You could spend a day at each of the Stanes, perhaps 2 days at Glentress, some great riding to be had for sure, there are also loads of equally good natural trails all over Scotland and some real epic rides to be had and come amazing scenery!



















Not been to Wales myself but the trail centres there are also meant to be very good, if it were me I'd probably spend a 7-10 days in Scotland then fly to Wales and spend a few days there.

Weather in Scotland is completely hit or miss, last year for example we had pretty much 4 months full on great summer weather but this year has been pretty dire in comparison. October it uaually starts getting colder and wetter but as I say you can never really tell for sure, November might be a bit too cold if you are used to the Cali sunshine.

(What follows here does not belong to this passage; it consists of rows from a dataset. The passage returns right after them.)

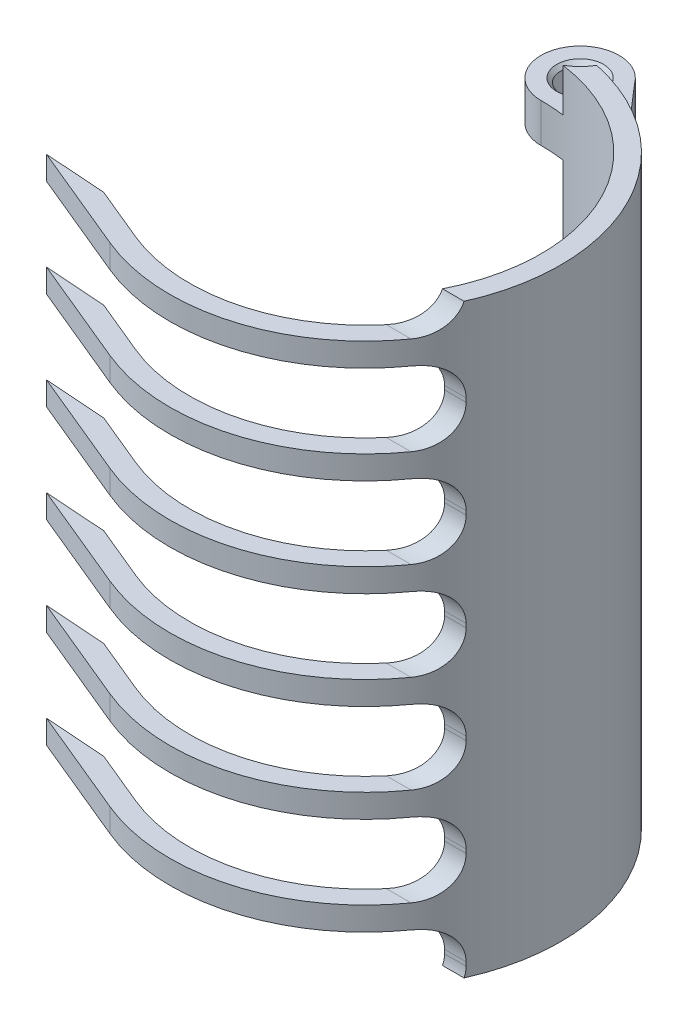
ISO-10303-21;
HEADER;
FILE_DESCRIPTION(('STEP AP214'),'2;1');
FILE_NAME('part.step','',(''),(''),'','','');
FILE_SCHEMA(('AUTOMOTIVE_DESIGN { 1 0 10303 214 1 1 1 1 }'));
ENDSEC;
DATA;
#1=APPLICATION_CONTEXT('core data for automotive mechanical design processes');
#2=APPLICATION_PROTOCOL_DEFINITION('international standard','automotive_design',2000,#1);
#3=PRODUCT_CONTEXT('',#1,'mechanical');
#4=PRODUCT('Part','Part','',(#3));
#5=PRODUCT_RELATED_PRODUCT_CATEGORY('part','',(#4));
#6=PRODUCT_DEFINITION_FORMATION('','',#4);
#7=PRODUCT_DEFINITION_CONTEXT('part definition',#1,'design');
#8=PRODUCT_DEFINITION('design','',#6,#7);
#9=PRODUCT_DEFINITION_SHAPE('','',#8);
#10=(LENGTH_UNIT() NAMED_UNIT(*) SI_UNIT(.MILLI.,.METRE.));
#11=(NAMED_UNIT(*) PLANE_ANGLE_UNIT() SI_UNIT($,.RADIAN.));
#12=(NAMED_UNIT(*) SI_UNIT($,.STERADIAN.) SOLID_ANGLE_UNIT());
#13=UNCERTAINTY_MEASURE_WITH_UNIT(LENGTH_MEASURE(1.E-05),#10,'distance_accuracy_value','');
#14=(GEOMETRIC_REPRESENTATION_CONTEXT(3) GLOBAL_UNCERTAINTY_ASSIGNED_CONTEXT((#13)) GLOBAL_UNIT_ASSIGNED_CONTEXT((#10,
#11,#12)) REPRESENTATION_CONTEXT('',''));
#15=CARTESIAN_POINT('',(0.,0.,0.));
#16=DIRECTION('',(0.,0.,1.));
#17=DIRECTION('',(1.,0.,0.));
#18=AXIS2_PLACEMENT_3D('',#15,#16,#17);
#19=CARTESIAN_POINT('',(0.,150.,0.));
#20=DIRECTION('',(0.,-1.,0.));
#21=DIRECTION('',(0.,0.,-1.));
#22=AXIS2_PLACEMENT_3D('',#19,#20,#21);
#23=CYLINDRICAL_SURFACE('',#22,45.);
#24=CARTESIAN_POINT('',(0.,21.,0.));
#25=DIRECTION('',(0.,1.,0.));
#26=DIRECTION('',(0.,0.,1.));
#27=AXIS2_PLACEMENT_3D('',#24,#25,#26);
#28=CIRCLE('',#27,45.);
#29=CARTESIAN_POINT('',(0.,21.,-45.));
#30=VERTEX_POINT('',#29);
#31=CARTESIAN_POINT('',(5.98665181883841,21.,-44.6));
#32=VERTEX_POINT('',#31);
#33=EDGE_CURVE('E449',#30,#32,#28,.F.);
#34=ORIENTED_EDGE('',*,*,#33,.F.);
#35=DIRECTION('',(0.,-1.,0.));
#36=VECTOR('',#35,1.);
#37=CARTESIAN_POINT('',(0.,150.,-45.));
#38=LINE('',#37,#36);
#39=CARTESIAN_POINT('',(0.,11.,-45.));
#40=VERTEX_POINT('',#39);
#41=EDGE_CURVE('E804',#30,#40,#38,.T.);
#42=ORIENTED_EDGE('',*,*,#41,.T.);
#43=CARTESIAN_POINT('',(0.,11.,0.));
#44=DIRECTION('',(0.,1.,0.));
#45=DIRECTION('',(0.,0.,1.));
#46=AXIS2_PLACEMENT_3D('',#43,#44,#45);
#47=CIRCLE('',#46,45.);
#48=CARTESIAN_POINT('',(5.98665181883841,11.,-44.6));
#49=VERTEX_POINT('',#48);
#50=EDGE_CURVE('E1736',#40,#49,#47,.F.);
#51=ORIENTED_EDGE('',*,*,#50,.T.);
#52=DIRECTION('',(0.,1.,0.));
#53=VECTOR('',#52,1.);
#54=CARTESIAN_POINT('',(5.98665181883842,5.49999999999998,-44.6));
#55=LINE('',#54,#53);
#56=CARTESIAN_POINT('',(5.98665181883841,0.,-44.6));
#57=VERTEX_POINT('',#56);
#58=EDGE_CURVE('E1717',#49,#57,#55,.F.);
#59=ORIENTED_EDGE('',*,*,#58,.T.);
#60=CARTESIAN_POINT('',(0.,0.,0.));
#61=DIRECTION('',(0.,-1.,0.));
#62=DIRECTION('',(0.,0.,1.));
#63=AXIS2_PLACEMENT_3D('',#60,#61,#62);
#64=CIRCLE('',#63,45.);
#65=CARTESIAN_POINT('',(40.1336128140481,0.,20.3541917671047));
#66=VERTEX_POINT('',#65);
#67=EDGE_CURVE('E797',#57,#66,#64,.T.);
#68=ORIENTED_EDGE('',*,*,#67,.T.);
#69=CARTESIAN_POINT('',(40.1336128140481,0.,20.3541917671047));
#70=CARTESIAN_POINT('',(40.1632523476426,0.20208273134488,20.2957326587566));
#71=CARTESIAN_POINT('',(40.1892051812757,0.406732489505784,20.2442602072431));
#72=CARTESIAN_POINT('',(40.2335664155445,0.818646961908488,20.1559601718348));
#73=CARTESIAN_POINT('',(40.2520199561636,1.02588805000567,20.1190450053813));
#74=CARTESIAN_POINT('',(40.281574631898,1.44296959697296,20.0598069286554));
#75=CARTESIAN_POINT('',(40.2926756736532,1.65281008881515,20.0374842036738));
#76=CARTESIAN_POINT('',(40.3075564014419,2.07509319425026,20.0075228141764));
#77=CARTESIAN_POINT('',(40.3112906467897,2.28754387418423,19.9999752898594));
#78=CARTESIAN_POINT('',(40.3112887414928,2.50000000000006,20.));
#79=B_SPLINE_CURVE_WITH_KNOTS('',3,(#69,#70,#71,#72,#73,#74,#75,#76,#77,#78),.UNSPECIFIED.,.F.,
.F.,(4,2,2,2,4),(0.,0.637185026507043,1.27047576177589,1.90377453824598,2.54096763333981),.UNSPECIFIED.);
#80=CARTESIAN_POINT('',(40.3112887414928,2.50000000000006,20.));
#81=VERTEX_POINT('',#80);
#82=EDGE_CURVE('E562',#66,#81,#79,.T.);
#83=ORIENTED_EDGE('',*,*,#82,.T.);
#84=DIRECTION('',(0.,-1.,0.));
#85=VECTOR('',#84,1.);
#86=CARTESIAN_POINT('',(40.3112887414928,150.,20.));
#87=LINE('',#86,#85);
#88=CARTESIAN_POINT('',(40.3112887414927,3.50000000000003,20.));
#89=VERTEX_POINT('',#88);
#90=EDGE_CURVE('E611',#81,#89,#87,.F.);
#91=ORIENTED_EDGE('',*,*,#90,.T.);
#92=CARTESIAN_POINT('',(40.3112887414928,3.50000000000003,20.));
#93=CARTESIAN_POINT('',(40.3112918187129,3.73145054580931,19.9999624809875));
#94=CARTESIAN_POINT('',(40.3068594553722,3.96289223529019,20.0089265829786));
#95=CARTESIAN_POINT('',(40.2891468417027,4.42402669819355,20.0445847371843));
#96=CARTESIAN_POINT('',(40.2758680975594,4.65371976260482,20.0712757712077));
#97=CARTESIAN_POINT('',(40.240531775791,5.10911195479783,20.1420224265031));
#98=CARTESIAN_POINT('',(40.2184971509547,5.33481992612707,20.1860326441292));
#99=CARTESIAN_POINT('',(40.1656941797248,5.78124421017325,20.2908963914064));
#100=CARTESIAN_POINT('',(40.1349257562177,6.00196047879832,20.3517500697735));
#101=CARTESIAN_POINT('',(40.064728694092,6.43683936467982,20.4895944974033));
#102=CARTESIAN_POINT('',(40.0253012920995,6.65100291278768,20.5665829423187));
#103=CARTESIAN_POINT('',(39.9378799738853,7.07140131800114,20.7358339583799));
#104=CARTESIAN_POINT('',(39.8898857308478,7.27763587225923,20.8280971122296));
#105=CARTESIAN_POINT('',(39.7854555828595,7.68091766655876,21.0268904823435));
#106=CARTESIAN_POINT('',(39.7290183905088,7.87796349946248,21.1334228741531));
#107=CARTESIAN_POINT('',(39.6078779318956,8.26170935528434,21.3595986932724));
#108=CARTESIAN_POINT('',(39.5431745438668,8.44840922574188,21.4792423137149));
#109=CARTESIAN_POINT('',(39.4038902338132,8.81530581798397,21.7337300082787));
#110=CARTESIAN_POINT('',(39.3290930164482,8.99519915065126,21.8688928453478));
#111=CARTESIAN_POINT('',(39.1712849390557,9.34223667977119,22.1503150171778));
#112=CARTESIAN_POINT('',(39.0882739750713,9.50938071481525,22.2965744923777));
#113=CARTESIAN_POINT('',(38.9143555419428,9.83028585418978,22.5987458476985));
#114=CARTESIAN_POINT('',(38.8234480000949,9.98404683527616,22.7546578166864));
#115=CARTESIAN_POINT('',(38.6340624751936,10.2777984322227,23.0747440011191));
#116=CARTESIAN_POINT('',(38.53558169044,10.4177839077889,23.2389212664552));
#117=CARTESIAN_POINT('',(38.3223682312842,10.6955221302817,23.5890173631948));
#118=CARTESIAN_POINT('',(38.2069693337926,10.8319646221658,23.7755699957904));
#119=CARTESIAN_POINT('',(37.9681867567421,11.0880840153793,24.1550631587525));
#120=CARTESIAN_POINT('',(37.8448001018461,11.2077546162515,24.3480060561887));
#121=CARTESIAN_POINT('',(37.5906118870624,11.4304065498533,24.7386379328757));
#122=CARTESIAN_POINT('',(37.45980859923,11.5333839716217,24.9363280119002));
#123=CARTESIAN_POINT('',(37.1913483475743,11.7229186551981,25.3349835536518));
#124=CARTESIAN_POINT('',(37.0536890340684,11.809470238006,25.5359501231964));
#125=CARTESIAN_POINT('',(36.751287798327,11.9781377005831,25.9696487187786));
#126=CARTESIAN_POINT('',(36.5855524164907,12.0577024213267,26.2026811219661));
#127=CARTESIAN_POINT('',(36.2466439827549,12.1964514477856,26.6695343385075));
#128=CARTESIAN_POINT('',(36.0734675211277,12.2556262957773,26.9033554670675));
#129=CARTESIAN_POINT('',(35.7207482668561,12.3543615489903,27.3699398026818));
#130=CARTESIAN_POINT('',(35.5412116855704,12.3939405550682,27.6027038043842));
#131=CARTESIAN_POINT('',(35.1764007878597,12.4544676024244,28.0661320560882));
#132=CARTESIAN_POINT('',(34.991126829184,12.4754168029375,28.296796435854));
#133=CARTESIAN_POINT('',(34.7382528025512,12.491694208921,28.6053207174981));
#134=CARTESIAN_POINT('',(34.6728116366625,12.4948200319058,28.6846075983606));
#135=CARTESIAN_POINT('',(34.5414378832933,12.4989714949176,28.8426699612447));
#136=CARTESIAN_POINT('',(34.4755059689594,12.499999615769,28.9214459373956));
#137=CARTESIAN_POINT('',(34.4093010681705,12.5,29.));
#138=B_SPLINE_CURVE_WITH_KNOTS('',3,(#92,#93,#94,#95,#96,#97,#98,#99,#100,#101,#102,#103,#104,
#105,#106,#107,#108,#109,#110,#111,#112,#113,#114,#115,#116,#117,#118,#119,#120,#121,#122,#123,
#124,#125,#126,#127,#128,#129,#130,#131,#132,#133,#134,#135,#136,#137),.UNSPECIFIED.,.F.,.F.,(4,
2,2,2,2,2,2,2,2,2,2,2,2,2,2,2,2,2,2,2,2,2,4),(0.,0.694122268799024,1.3881263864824,
2.08032310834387,2.77252594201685,3.46462998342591,4.15676043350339,4.84899652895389,
5.54124282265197,6.25183135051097,6.96242887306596,7.673032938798,8.38390116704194,
9.15810777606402,9.93260444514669,10.7072823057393,11.4822275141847,12.371834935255,
13.2618544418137,14.1510274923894,15.0401452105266,15.3486871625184,15.6568640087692),.UNSPECIFIED.);
#139=CARTESIAN_POINT('',(34.4093010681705,12.5,29.));
#140=VERTEX_POINT('',#139);
#141=EDGE_CURVE('E602',#89,#140,#138,.T.);
#142=ORIENTED_EDGE('',*,*,#141,.T.);
#143=CARTESIAN_POINT('',(0.,12.5,0.));
#144=DIRECTION('',(0.,1.,0.));
#145=DIRECTION('',(0.,0.,1.));
#146=AXIS2_PLACEMENT_3D('',#143,#144,#145);
#147=CIRCLE('',#146,45.);
#148=CARTESIAN_POINT('',(-17.2207544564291,12.5,41.5745789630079));
#149=VERTEX_POINT('',#148);
#150=EDGE_CURVE('E1401',#140,#149,#147,.F.);
#151=ORIENTED_EDGE('',*,*,#150,.T.);
#152=DIRECTION('',(0.,-1.,0.));
#153=VECTOR('',#152,1.);
#154=CARTESIAN_POINT('',(-17.2207544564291,150.,41.5745789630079));
#155=LINE('',#154,#153);
#156=CARTESIAN_POINT('',(-17.2207544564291,18.5,41.5745789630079));
#157=VERTEX_POINT('',#156);
#158=EDGE_CURVE('E826',#157,#149,#155,.T.);
#159=ORIENTED_EDGE('',*,*,#158,.F.);
#160=CARTESIAN_POINT('',(0.,18.5,0.));
#161=DIRECTION('',(0.,-1.,0.));
#162=DIRECTION('',(0.,0.,-1.));
#163=AXIS2_PLACEMENT_3D('',#160,#161,#162);
#164=CIRCLE('',#163,45.);
#165=CARTESIAN_POINT('',(34.4093010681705,18.5,29.));
#166=VERTEX_POINT('',#165);
#167=EDGE_CURVE('E1388',#157,#166,#164,.F.);
#168=ORIENTED_EDGE('',*,*,#167,.T.);
#169=CARTESIAN_POINT('',(34.4093010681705,18.5,29.));
#170=CARTESIAN_POINT('',(34.5320797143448,18.5000031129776,28.8543216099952));
#171=CARTESIAN_POINT('',(34.6539207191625,18.5035375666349,28.7078738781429));
#172=CARTESIAN_POINT('',(34.8955758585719,18.5179123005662,28.4136415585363));
#173=CARTESIAN_POINT('',(35.0153897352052,18.5287535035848,28.2658568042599));
#174=CARTESIAN_POINT('',(35.3718780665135,18.5726452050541,27.8204042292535));
#175=CARTESIAN_POINT('',(35.6052247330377,18.6170652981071,27.5210825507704));
#176=CARTESIAN_POINT('',(36.062569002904,18.7384652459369,26.919043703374));
#177=CARTESIAN_POINT('',(36.2865038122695,18.8156343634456,26.6163169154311));
#178=CARTESIAN_POINT('',(36.7216458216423,19.0043714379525,26.0126683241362));
#179=CARTESIAN_POINT('',(36.9328631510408,19.1159115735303,25.7117452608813));
#180=CARTESIAN_POINT('',(37.2874625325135,19.3410301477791,25.1935792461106));
#181=CARTESIAN_POINT('',(37.4341434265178,19.4464530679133,24.9750258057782));
#182=CARTESIAN_POINT('',(37.7188479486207,19.6773094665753,24.542929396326));
#183=CARTESIAN_POINT('',(37.8568735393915,19.8027383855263,24.3293852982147));
#184=CARTESIAN_POINT('',(38.1232129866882,20.0735053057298,23.9098772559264));
#185=CARTESIAN_POINT('',(38.2515495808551,20.2187942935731,23.703896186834));
#186=CARTESIAN_POINT('',(38.4981659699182,20.5294486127,23.3012222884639));
#187=CARTESIAN_POINT('',(38.6164457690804,20.6948139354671,23.104529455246));
#188=CARTESIAN_POINT('',(38.8431363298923,21.0465548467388,22.7213709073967));
#189=CARTESIAN_POINT('',(38.9514653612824,21.2330803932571,22.5349941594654));
#190=CARTESIAN_POINT('',(39.1566212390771,21.6253251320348,22.1766017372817));
#191=CARTESIAN_POINT('',(39.253447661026,21.8310450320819,22.0045865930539));
#192=CARTESIAN_POINT('',(39.4351043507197,22.2605579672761,21.6773522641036));
#193=CARTESIAN_POINT('',(39.5199290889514,22.4843592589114,21.5221408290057));
#194=CARTESIAN_POINT('',(39.6770829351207,22.9482961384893,21.2310261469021));
#195=CARTESIAN_POINT('',(39.7494141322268,23.1884289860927,21.0951196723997));
#196=CARTESIAN_POINT('',(39.8735359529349,23.6540421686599,20.8594520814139));
#197=CARTESIAN_POINT('',(39.9267395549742,23.8779511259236,20.7573225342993));
#198=CARTESIAN_POINT('',(40.0229745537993,24.3352674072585,20.5711569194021));
#199=CARTESIAN_POINT('',(40.0660070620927,24.5686736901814,20.487118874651));
#200=CARTESIAN_POINT('',(40.1417176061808,25.0427903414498,20.3383744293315));
#201=CARTESIAN_POINT('',(40.1744116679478,25.2834887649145,20.2736381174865));
#202=CARTESIAN_POINT('',(40.2294393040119,25.770457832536,20.1642246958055));
#203=CARTESIAN_POINT('',(40.2517779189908,26.016725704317,20.1195378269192));
#204=CARTESIAN_POINT('',(40.2830483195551,26.4691867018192,20.0568456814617));
#205=CARTESIAN_POINT('',(40.2936466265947,26.6748139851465,20.0355308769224));
#206=CARTESIAN_POINT('',(40.3077615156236,27.0869549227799,20.0071089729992));
#207=CARTESIAN_POINT('',(40.3112895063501,27.2934666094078,19.9999789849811));
#208=CARTESIAN_POINT('',(40.3112887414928,27.5,20.));
#209=B_SPLINE_CURVE_WITH_KNOTS('',3,(#169,#170,#171,#172,#173,#174,#175,#176,#177,#178,#179,
#180,#181,#182,#183,#184,#185,#186,#187,#188,#189,#190,#191,#192,#193,#194,#195,#196,#197,#198,
#199,#200,#201,#202,#203,#204,#205,#206,#207,#208),.UNSPECIFIED.,.F.,.F.,(4,2,2,2,2,2,2,2,2,2,2,
2,2,2,2,2,2,2,2,4),(0.,0.571477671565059,1.14302752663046,2.28786553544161,3.43941186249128,
4.59002851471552,5.43985160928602,6.28948129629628,7.13705078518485,7.98461991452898,
8.83862284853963,9.69265728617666,10.5470839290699,11.401367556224,12.1557299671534,
12.9100099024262,13.6631148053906,14.4158527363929,15.036260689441,15.6556667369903),.UNSPECIFIED.);
#210=CARTESIAN_POINT('',(40.3112887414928,27.5000000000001,20.));
#211=VERTEX_POINT('',#210);
#212=EDGE_CURVE('E638',#166,#211,#209,.T.);
#213=ORIENTED_EDGE('',*,*,#212,.T.);
#214=DIRECTION('',(0.,-1.,0.));
#215=VECTOR('',#214,1.);
#216=CARTESIAN_POINT('',(40.3112887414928,150.,20.));
#217=LINE('',#216,#215);
#218=CARTESIAN_POINT('',(40.3112887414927,28.5,20.));
#219=VERTEX_POINT('',#218);
#220=EDGE_CURVE('E1386',#211,#219,#217,.F.);
#221=ORIENTED_EDGE('',*,*,#220,.T.);
#222=CARTESIAN_POINT('',(40.3112887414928,28.5,20.));
#223=CARTESIAN_POINT('',(40.3112918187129,28.7314505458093,19.9999624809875));
#224=CARTESIAN_POINT('',(40.3068594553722,28.9628922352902,20.0089265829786));
#225=CARTESIAN_POINT('',(40.2891468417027,29.4240266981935,20.0445847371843));
#226=CARTESIAN_POINT('',(40.2758680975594,29.6537197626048,20.0712757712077));
#227=CARTESIAN_POINT('',(40.240531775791,30.1091119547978,20.1420224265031));
#228=CARTESIAN_POINT('',(40.2184971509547,30.3348199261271,20.1860326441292));
#229=CARTESIAN_POINT('',(40.1656941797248,30.7812442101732,20.2908963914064));
#230=CARTESIAN_POINT('',(40.1349257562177,31.0019604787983,20.3517500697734));
#231=CARTESIAN_POINT('',(40.064728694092,31.4368393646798,20.4895944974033));
#232=CARTESIAN_POINT('',(40.0253012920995,31.6510029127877,20.5665829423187));
#233=CARTESIAN_POINT('',(39.9378799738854,32.0714013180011,20.7358339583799));
#234=CARTESIAN_POINT('',(39.8898857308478,32.2776358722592,20.8280971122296));
#235=CARTESIAN_POINT('',(39.7854555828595,32.6809176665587,21.0268904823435));
#236=CARTESIAN_POINT('',(39.7290183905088,32.8779634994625,21.1334228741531));
#237=CARTESIAN_POINT('',(39.6078779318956,33.2617093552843,21.3595986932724));
#238=CARTESIAN_POINT('',(39.5431745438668,33.4484092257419,21.4792423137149));
#239=CARTESIAN_POINT('',(39.4038902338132,33.815305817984,21.7337300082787));
#240=CARTESIAN_POINT('',(39.3290930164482,33.9951991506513,21.8688928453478));
#241=CARTESIAN_POINT('',(39.1712849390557,34.3422366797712,22.1503150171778));
#242=CARTESIAN_POINT('',(39.0882739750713,34.5093807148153,22.2965744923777));
#243=CARTESIAN_POINT('',(38.9143555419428,34.8302858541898,22.5987458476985));
#244=CARTESIAN_POINT('',(38.8234480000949,34.9840468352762,22.7546578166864));
#245=CARTESIAN_POINT('',(38.6340624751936,35.2777984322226,23.0747440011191));
#246=CARTESIAN_POINT('',(38.53558169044,35.4177839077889,23.2389212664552));
#247=CARTESIAN_POINT('',(38.3223682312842,35.6955221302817,23.5890173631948));
#248=CARTESIAN_POINT('',(38.2069693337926,35.8319646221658,23.7755699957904));
#249=CARTESIAN_POINT('',(37.9681867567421,36.0880840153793,24.1550631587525));
#250=CARTESIAN_POINT('',(37.8448001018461,36.2077546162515,24.3480060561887));
#251=CARTESIAN_POINT('',(37.5906118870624,36.4304065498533,24.7386379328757));
#252=CARTESIAN_POINT('',(37.45980859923,36.5333839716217,24.9363280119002));
#253=CARTESIAN_POINT('',(37.1913483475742,36.7229186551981,25.3349835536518));
#254=CARTESIAN_POINT('',(37.0536890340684,36.809470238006,25.5359501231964));
#255=CARTESIAN_POINT('',(36.751287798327,36.9781377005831,25.9696487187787));
#256=CARTESIAN_POINT('',(36.5855524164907,37.0577024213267,26.2026811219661));
#257=CARTESIAN_POINT('',(36.2466439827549,37.1964514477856,26.6695343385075));
#258=CARTESIAN_POINT('',(36.0734675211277,37.2556262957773,26.9033554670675));
#259=CARTESIAN_POINT('',(35.7207482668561,37.3543615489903,27.3699398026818));
#260=CARTESIAN_POINT('',(35.5412116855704,37.3939405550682,27.6027038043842));
#261=CARTESIAN_POINT('',(35.1764007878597,37.4544676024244,28.0661320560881));
#262=CARTESIAN_POINT('',(34.991126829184,37.4754168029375,28.296796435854));
#263=CARTESIAN_POINT('',(34.7382528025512,37.491694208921,28.6053207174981));
#264=CARTESIAN_POINT('',(34.6728116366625,37.4948200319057,28.6846075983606));
#265=CARTESIAN_POINT('',(34.5414378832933,37.4989714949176,28.8426699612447));
#266=CARTESIAN_POINT('',(34.4755059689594,37.499999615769,28.9214459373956));
#267=CARTESIAN_POINT('',(34.4093010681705,37.5,29.));
#268=B_SPLINE_CURVE_WITH_KNOTS('',3,(#222,#223,#224,#225,#226,#227,#228,#229,#230,#231,#232,
#233,#234,#235,#236,#237,#238,#239,#240,#241,#242,#243,#244,#245,#246,#247,#248,#249,#250,#251,
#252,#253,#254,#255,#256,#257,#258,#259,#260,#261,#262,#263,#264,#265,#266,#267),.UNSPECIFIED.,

Regardless you will have a great time for sure, i can confidently say that Scotland has some of the best mountain biking in the world, prime example, Mountain Bike World Champs in Fort William this very weekend!


----------



## JWB (Jun 14, 2006)

I have ridden most of the 7 Stanes and Welsh centres http://www.mbwales.com/ and can recommend them, they are lots of fun. In fact I am flying into Glasgow from Europe for a weekends biking in a few weeks.

The main Welsh centre is Coed Y Brenin. Two days here will let you explore the trails in a leasurely fashion though I have done them all in a day.

A lot of the riding is very similar....... narrow gravel and rocky twisty but flowing single track slightly downhill.

If you drive from Scotland to Wales (4 or 5 hour drive) you could always call into the Lake District. The riding here is all natural so you will need route advice but the scenery is fantastic, just be prepared for hills, up and down!


----------



## tandemJim (Jul 25, 2006)

Great! Nice photos. Looks like we'll have to plan a trip. 
Cheers from California.


----------



## k2biker (Jan 13, 2004)

I did CyB in June and while I enjoyed it, I'm wishing I'd have gone to the Stanes. Now I have to plan a trip there next year! Wales is beautiful! Enjoy your trip.


----------



## JWB (Jun 14, 2006)

I have just got back from a long weekend in Scotland and all I can say is FANTASTIC.

We rode Ae, Kirroughtree and Dalbeattie and it was some of the best riding I have done for years.

Kirroughtree and Dalbeattie are just superb and well worth a visit.


----------